Alina z zawodu jest z profilerką i właśnie to pomoże jej dokończyć, powieść za przyjaciółkę i rozszyfrować, jakie fakty i osoby są ukryte pod postaciami niekończonej powieści.


Alina, samotna, trochę wypalona, mimo wątpliwości zgadza się na dokończenie tej książki. Zamieszkuje domu z rodziną Edyty, mężem i jej córką. Zaczyna się zagłębiać to, co Edyta już napisała i odkrywa, że przyjaciółka miała prawdopodobnie romans. Zaczyna tropić w tym uroczym miasteczku ślady Edyty, odkrywa przy okazji różne „podskórne” powiązania między znajomymi, przyjaciółmi. Dociera do tajemniczego mężczyzny, który był pierwowzorem bohatera książki Edyty i w końcu rozwiązuje zagadkę…


W tyle rozgrywa się proces rehabilitacji Elizy, a Alina, pracując nad książką wraca do przyjaźni sprzed lat, zanurza się w życiu rodzinnym i towarzyskim, a przy okazji spotyka też swoją miłość.

Muszę przyznać, że nie znam twórczości tej autorki. Ale z przyjemnością sięgnę po inne ksiazki bo "Sukienka z wody" to bardzo ciepła i nostalgiczna historia, która ma kilka wątków. Autorka zabrała nas do malowniczego małego miasteczka na Pomorzu. Może nie będziemy tu miały dużo opisów krajobrqazowych ale poczujemy urok miasteczka i jego mieszkańców. 

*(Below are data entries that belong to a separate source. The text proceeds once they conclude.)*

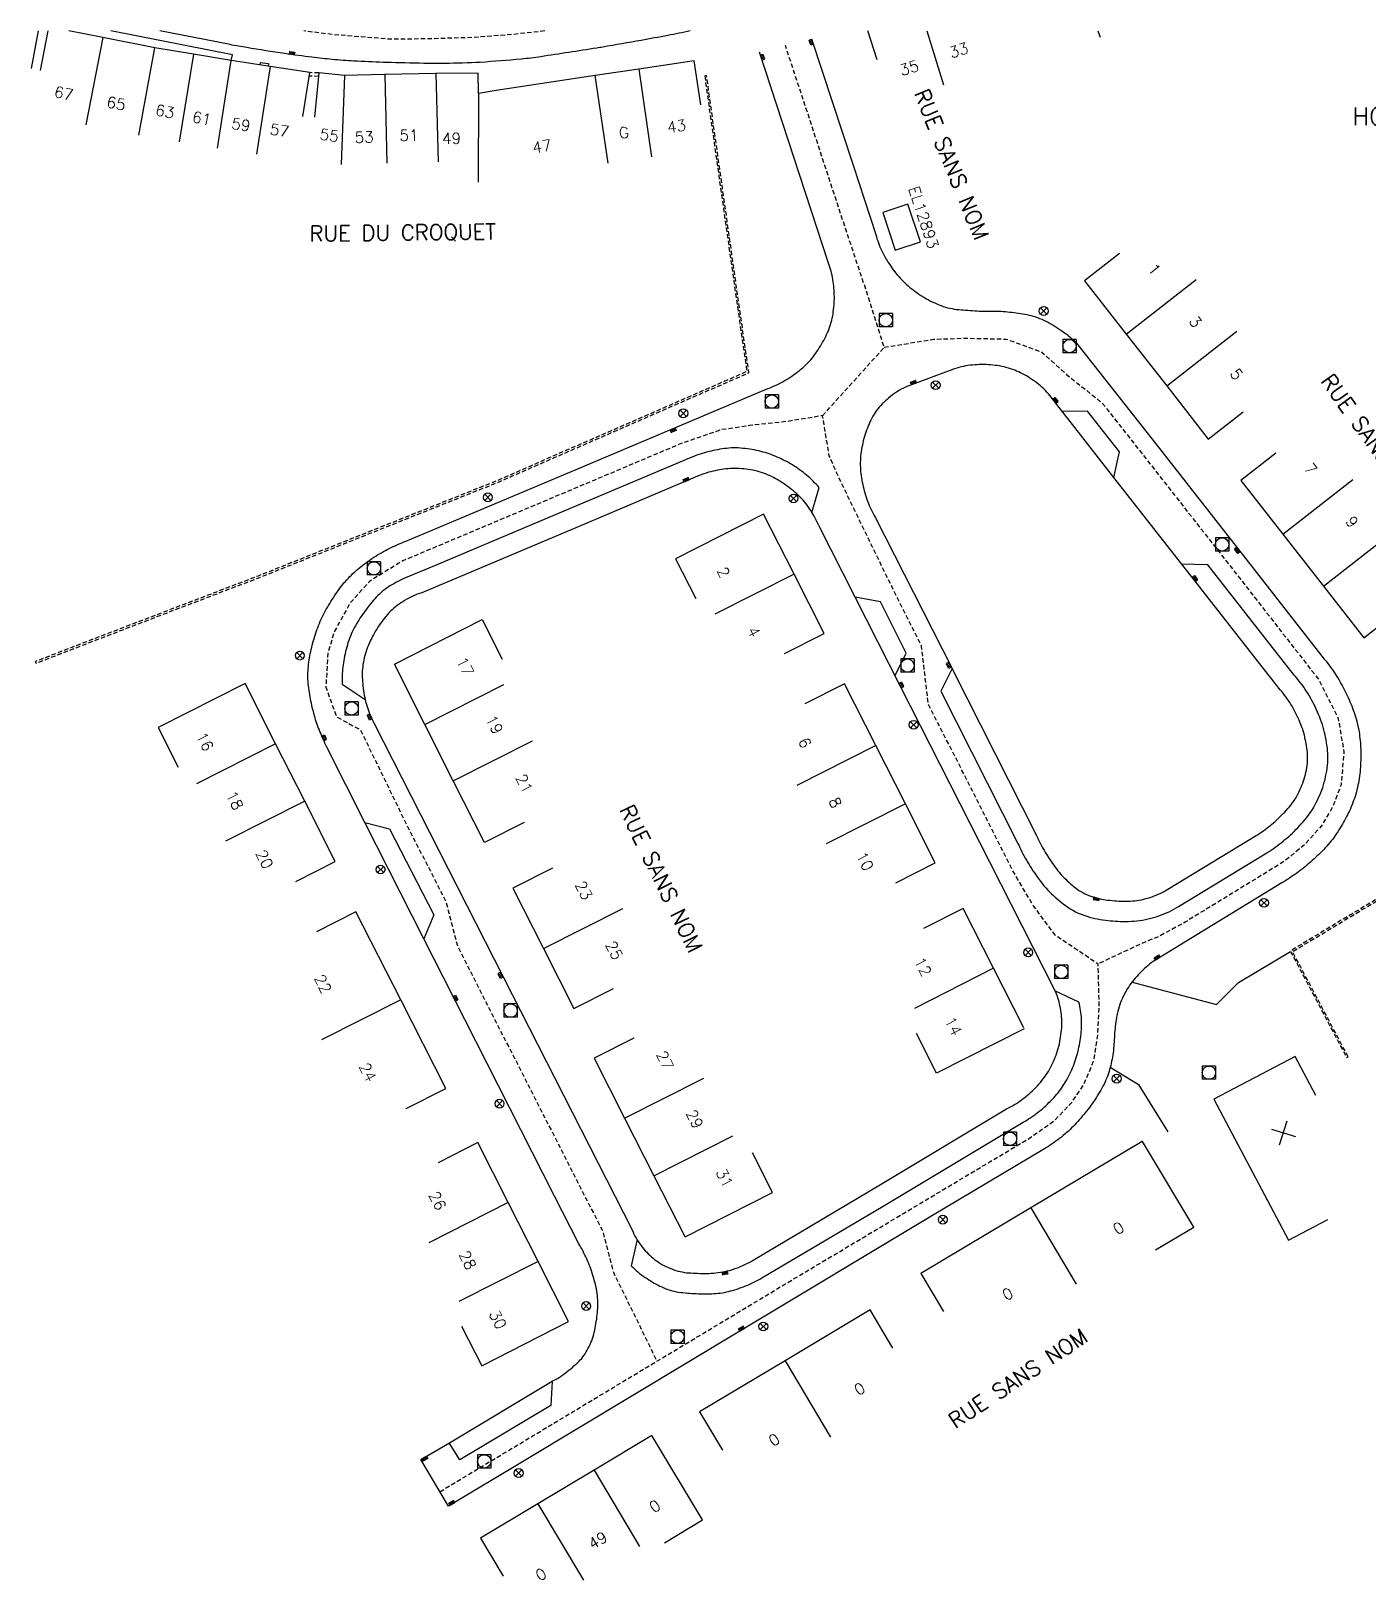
# Model space of a CAD drawing. Header units: millimetres. Extents: x 134000 to 135000, y 129000 to 130000.
# Drawn here: x 134772.9 to 134923.5, y 129825.4 to 130000 of the extents above; entities that cross this region are included whole.
import ezdxf
from ezdxf.enums import TextEntityAlignment as Align

# ---------------------------------------------------------------- set-up
doc = ezdxf.new("R2010")
doc.units = ezdxf.units.MM
doc.linetypes.add('DASHED', pattern=[0.75, 0.5, -0.25])
doc.layers.get('0').update_dxf_attribs({"linetype": 'CONTINUOUS'})
for name, color, linetype in [('W0001', 6, 'DASHED'), ('W0008', 7, 'CONTINUOUS'), ('W0017', 7, 'CONTINUOUS'), ('W0100', 7, 'CONTINUOUS'), ('W0112', 1, 'DASHED'), ('W0400', 7, 'CONTINUOUS'), ('W0420', 7, 'CONTINUOUS'), ('W0469', 7, 'CONTINUOUS'), ('W0980', 7, 'CONTINUOUS'), ('W0984', 7, 'CONTINUOUS'), ('W0989', 7, 'CONTINUOUS'), ('W0991', 7, 'CONTINUOUS'), ('W1102', 7, 'CONTINUOUS')]:
    doc.layers.add(name, color=color, linetype=linetype)
doc.styles.get("Standard").update_dxf_attribs({"font": 'romans.shx', "width": 0.85})

# ---------------------------------------------------------------- blocks, each defined once
blk = doc.blocks.new('T400')
for p, q in [((-0.15, 0.3), (0.15, 0.3)), ((-0.15, -0.25), (-0.15, 0.3)), ((-0.15, 0.15), (0.15, 0.15)), ((-0.15, 0), (0.15, 0)), ((0.15, 0.3), (0.15, -0.25)), ((-0.15, -0.15), (0.15, -0.15)), ((-0.15, -0.25), (-0.15, -0.3)), ((-0.15, -0.3), (0.15, -0.3)), ((0.15, -0.3), (0.15, -0.25))]:
    blk.add_line(p, q)
blk = doc.blocks.new('T469')
at = {"color": 0, "linetype": 'Continuous', "flags": 128}
for points in [[(-0.35, 0.35), (0.35, -0.35)], [(-0.35, -0.35), (0.35, 0.35)]]:
    blk.add_lwpolyline(points, dxfattribs=at)
at = {"color": 0, "linetype": 'Continuous'}
blk.add_circle((0, 0), 0.5, dxfattribs=at)
blk = doc.blocks.new('T420')
for p, q in [((0.75, 0.75), (-0.75, 0.75)), ((-0.75, 0.75), (-0.75, -0.75)), ((0.75, 0.75), (0.75, -0.75)), ((0.75, -0.75), (-0.75, -0.75))]:
    blk.add_line(p, q)
blk.add_ellipse((0, 0), major_axis=(-0.53, 0.53), ratio=1, start_param=3.926991, end_param=10.210176)
blk = doc.blocks.new('t991o')
at = {"color": 0, "linetype": 'Continuous'}
for p, q in [((-1, 1), (1, -1)), ((-1, -1), (1, 1))]:
    blk.add_line(p, q, dxfattribs=at)

msp = doc.modelspace()

# ---------------------------------------------------------------- linework, layer by layer
at = {"layer": 'W0001', "flags": 128}
for points in [[(134830.77, 130000), (134827.2, 129999.61), (134822.84, 129999.27), (134818.15, 129999.12), (134813.5, 129999.06), (134807.03, 129999.58), (134803.63, 130000)], [(134862.06, 129956.65), (134869.01, 129964.36), (134867.35, 129969.63), (134865.98, 129973.73), (134864.24, 129978.98), (134860.63, 129989.98), (134857.87, 129998.36)], [(134869.01, 129964.36), (134874.55, 129965.26), (134878.2, 129965.39), (134882.75, 129965.28), (134886.74, 129963.82), (134889.58, 129961.26), (134893.56, 129958.07), (134896.75, 129954.01), (134907.75, 129939.99), (134917.94, 129926.92), (134920.13, 129922.54), (134920.78, 129918.73), (134920.45, 129915.06), (134919.56, 129912.65), (134918.27, 129910.45), (134916.34, 129908.31), (134914.06, 129906.43), (134902.88, 129899.57), (134899.99, 129898), (134897.84, 129897.11), (134893.09, 129894.86)], [(134818.96, 129835.4), (134857.68, 129858.7), (134885.38, 129875.25), (134888.24, 129877.27), (134890.12, 129879.26), (134891.47, 129881.24), (134892.59, 129883.91), (134893.06, 129886.85), (134893.23, 129890.12), (134893.09, 129894.86), (134888.29, 129898.08), (134885.81, 129901.42), (134883.59, 129905.18), (134877.76, 129916.68), (134873.97, 129924.17), (134873.2, 129930.71), (134870.56, 129935.95), (134863.92, 129949.6), (134862.81, 129952.13), (134862.06, 129956.65), (134858.04, 129955.99), (134853.85, 129955.54), (134850.62, 129955.06), (134846.12, 129953.5), (134814.78, 129940.29), (134811.06, 129938), (134808.86, 129935.56), (134807.05, 129932.28), (134806.34, 129929.88), (134806.12, 129926.06), (134807.31, 129922.74), (134810.03, 129921.23), (134815, 129910.97), (134819.64, 129901.91), (134820.94, 129896.88), (134825.41, 129888.08), (134837.3, 129864.75), (134838.5, 129860.14), (134843.4, 129850.11)]]:
    msp.add_lwpolyline(points, dxfattribs=at)
at = {"layer": 'W0008', "flags": 128}
for points in [[(134795.46, 129996.69), (134795.61, 129997.33), (134781.91, 130000)], [(134860.8, 129999.13), (134865.49, 129984.88), (134868.06, 129977.07), (134868.12, 129976.83), (134868.19, 129976.59), (134868.27, 129976.35), (134868.35, 129976.12), (134868.43, 129975.89), (134868.52, 129975.66), (134868.62, 129975.44), (134868.73, 129975.21), (134868.84, 129974.99), (134868.95, 129974.77), (134869.07, 129974.56), (134869.2, 129974.34), (134869.33, 129974.13), (134869.46, 129973.92), (134869.59, 129973.71), (134869.73, 129973.5), (134869.87, 129973.3), (134870.02, 129973.1), (134870.17, 129972.9), (134870.32, 129972.71), (134870.47, 129972.52), (134870.64, 129972.33), (134870.8, 129972.14), (134870.97, 129971.96), (134871.15, 129971.79), (134871.33, 129971.61), (134871.51, 129971.45), (134871.71, 129971.28), (134871.9, 129971.11), (134872.1, 129970.95), (134872.3, 129970.79), (134872.51, 129970.64), (134872.71, 129970.49), (134872.92, 129970.35), (134873.13, 129970.21), (134873.35, 129970.07), (134873.56, 129969.94), (134873.78, 129969.81), (134874, 129969.69), (134874.23, 129969.57), (134874.46, 129969.46), (134874.69, 129969.35), (134874.92, 129969.25), (134875.16, 129969.15), (134875.4, 129969.06), (134875.64, 129968.97), (134875.89, 129968.89), (134876.14, 129968.82), (134876.39, 129968.76), (134876.64, 129968.71), (134876.89, 129968.67), (134877.15, 129968.63), (134877.4, 129968.6), (134877.66, 129968.58), (134877.91, 129968.56), (134878.17, 129968.54), (134878.43, 129968.53), (134878.68, 129968.51), (134878.94, 129968.49), (134879.2, 129968.47), (134879.44, 129968.45), (134879.69, 129968.44), (134879.94, 129968.43), (134880.18, 129968.43), (134880.43, 129968.43), (134880.68, 129968.43), (134880.92, 129968.43), (134881.17, 129968.43), (134881.42, 129968.43), (134881.67, 129968.43), (134881.91, 129968.42), (134882.16, 129968.41), (134882.41, 129968.4), (134882.65, 129968.38), (134882.9, 129968.36), (134883.14, 129968.33), (134883.39, 129968.3), (134883.63, 129968.28), (134883.87, 129968.24), (134884.12, 129968.21), (134884.36, 129968.17), (134884.6, 129968.13), (134884.84, 129968.09), (134885.08, 129968.04), (134885.32, 129967.99), (134885.56, 129967.93), (134885.79, 129967.86), (134886.03, 129967.79), (134886.26, 129967.71), (134886.51, 129967.62), (134886.75, 129967.52), (134886.99, 129967.41), (134887.22, 129967.29), (134887.45, 129967.18), (134887.68, 129967.05), (134887.91, 129966.92), (134888.13, 129966.79), (134888.35, 129966.65), (134888.57, 129966.51), (134888.79, 129966.36), (134889.01, 129966.22), (134889.2, 129966.08), (134889.4, 129965.94), (134889.59, 129965.79), (134889.77, 129965.64), (134889.96, 129965.48), (134890.14, 129965.32), (134890.31, 129965.16), (134890.48, 129964.99), (134890.65, 129964.82), (134899.59, 129953.46), (134908.79, 129941.73), (134918.57, 129929.23), (134918.73, 129929.03), (134918.89, 129928.83), (134919.05, 129928.63), (134919.2, 129928.42), (134919.35, 129928.21), (134919.5, 129928), (134919.64, 129927.79), (134919.78, 129927.58), (134919.92, 129927.36), (134920.06, 129927.15), (134920.19, 129926.93), (134920.32, 129926.7), (134920.44, 129926.48), (134920.57, 129926.25), (134920.68, 129926.03), (134920.8, 129925.8), (134920.92, 129925.57), (134921.03, 129925.34), (134921.14, 129925.11), (134921.25, 129924.88), (134921.35, 129924.64), (134921.45, 129924.41), (134921.55, 129924.17), (134921.65, 129923.94), (134921.74, 129923.7), (134921.83, 129923.46), (134921.92, 129923.22), (134922, 129922.98), (134922.08, 129922.73), (134922.15, 129922.49), (134922.22, 129922.24), (134922.28, 129921.99), (134922.34, 129921.74), (134922.39, 129921.5), (134922.44, 129921.26), (134922.48, 129921.01), (134922.52, 129920.77), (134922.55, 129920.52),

Alina wraca do rodzinnego miasteczka z Warszawy, by wspierać swoje przyjaciółki. Głównym powodem jest wypadek jednej z nich Edyty, po którym zapadała w śpiączkę. Na miejscu spotyka się z mężem Edyty i druga przyjaciółka Renatą. Dostaje nietypowa propozycje, by dokończyć za Edytę powieść. Alina waha się. Z jednej strony nie dziwi się prośbie, bo sama pisze ksiazki choć jako profilerka i policjantka z zupełnie innej dziedziny z drugiej czuje presje. Kiedy się zgadza i poznaje powieść, odnosi dziwne wrażenie, że to wszystko nie jest fikcja. Zaczyna małe śledztwo, które sprawia, że odkrywa nie tylko prawdę, ale także zupełnie coś innego, czego się niespodziewana. Co odnajdzie Alina? Czy dokończy powieść? 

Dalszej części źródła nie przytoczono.